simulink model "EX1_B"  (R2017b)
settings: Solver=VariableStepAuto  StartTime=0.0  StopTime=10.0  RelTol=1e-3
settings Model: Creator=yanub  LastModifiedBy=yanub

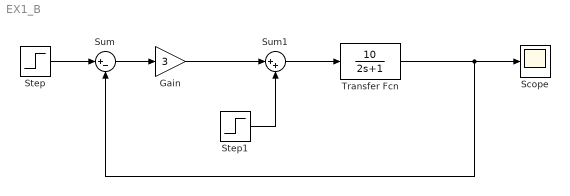
== system EX1_B ==
  Gain : Gain  Gain=3
  Scope : Scope
  Step : Step  SampleTime=0
  Step1 : Step  SampleTime=0
  Sum : Sum  Inputs=|+-
  Sum1 : Sum  Inputs=|++
  Transfer Fcn : TransferFcn  Numerator=[10]  Denominator=[2 1]
  wires:
  Transfer Fcn/1 -> Sum/2, Scope/1
  Step1/1 -> Sum1/2
  Sum1/1 -> Transfer Fcn/1
  Gain/1 -> Sum1/1
  Step/1 -> Sum/1
  Sum/1 -> Gain/1
= = = =
§ **WORK TASK**: What you print must match the entries exactly, except that no pictures appear.

§ **REPLY**:
simulink model "EX1_B"  (R2017b)
settings: Solver=VariableStepAuto  StartTime=0.0  StopTime=10.0  RelTol=1e-3
settings Model: Creator=yanub  LastModifiedBy=yanub

== system EX1_B ==
  Gain : Gain  Gain=3
  Scope : Scope
  Step : Step  SampleTime=0
  Step1 : Step  SampleTime=0
  Sum : Sum  Inputs=|+-
  Sum1 : Sum  Inputs=|++
  Transfer Fcn : TransferFcn  Numerator=[10]  Denominator=[2 1]
  wires:
  Transfer Fcn/1 -> Sum/2, Scope/1
  Step1/1 -> Sum1/2
  Sum1/1 -> Transfer Fcn/1
  Gain/1 -> Sum1/1
  Step/1 -> Sum/1
  Sum/1 -> Gain/1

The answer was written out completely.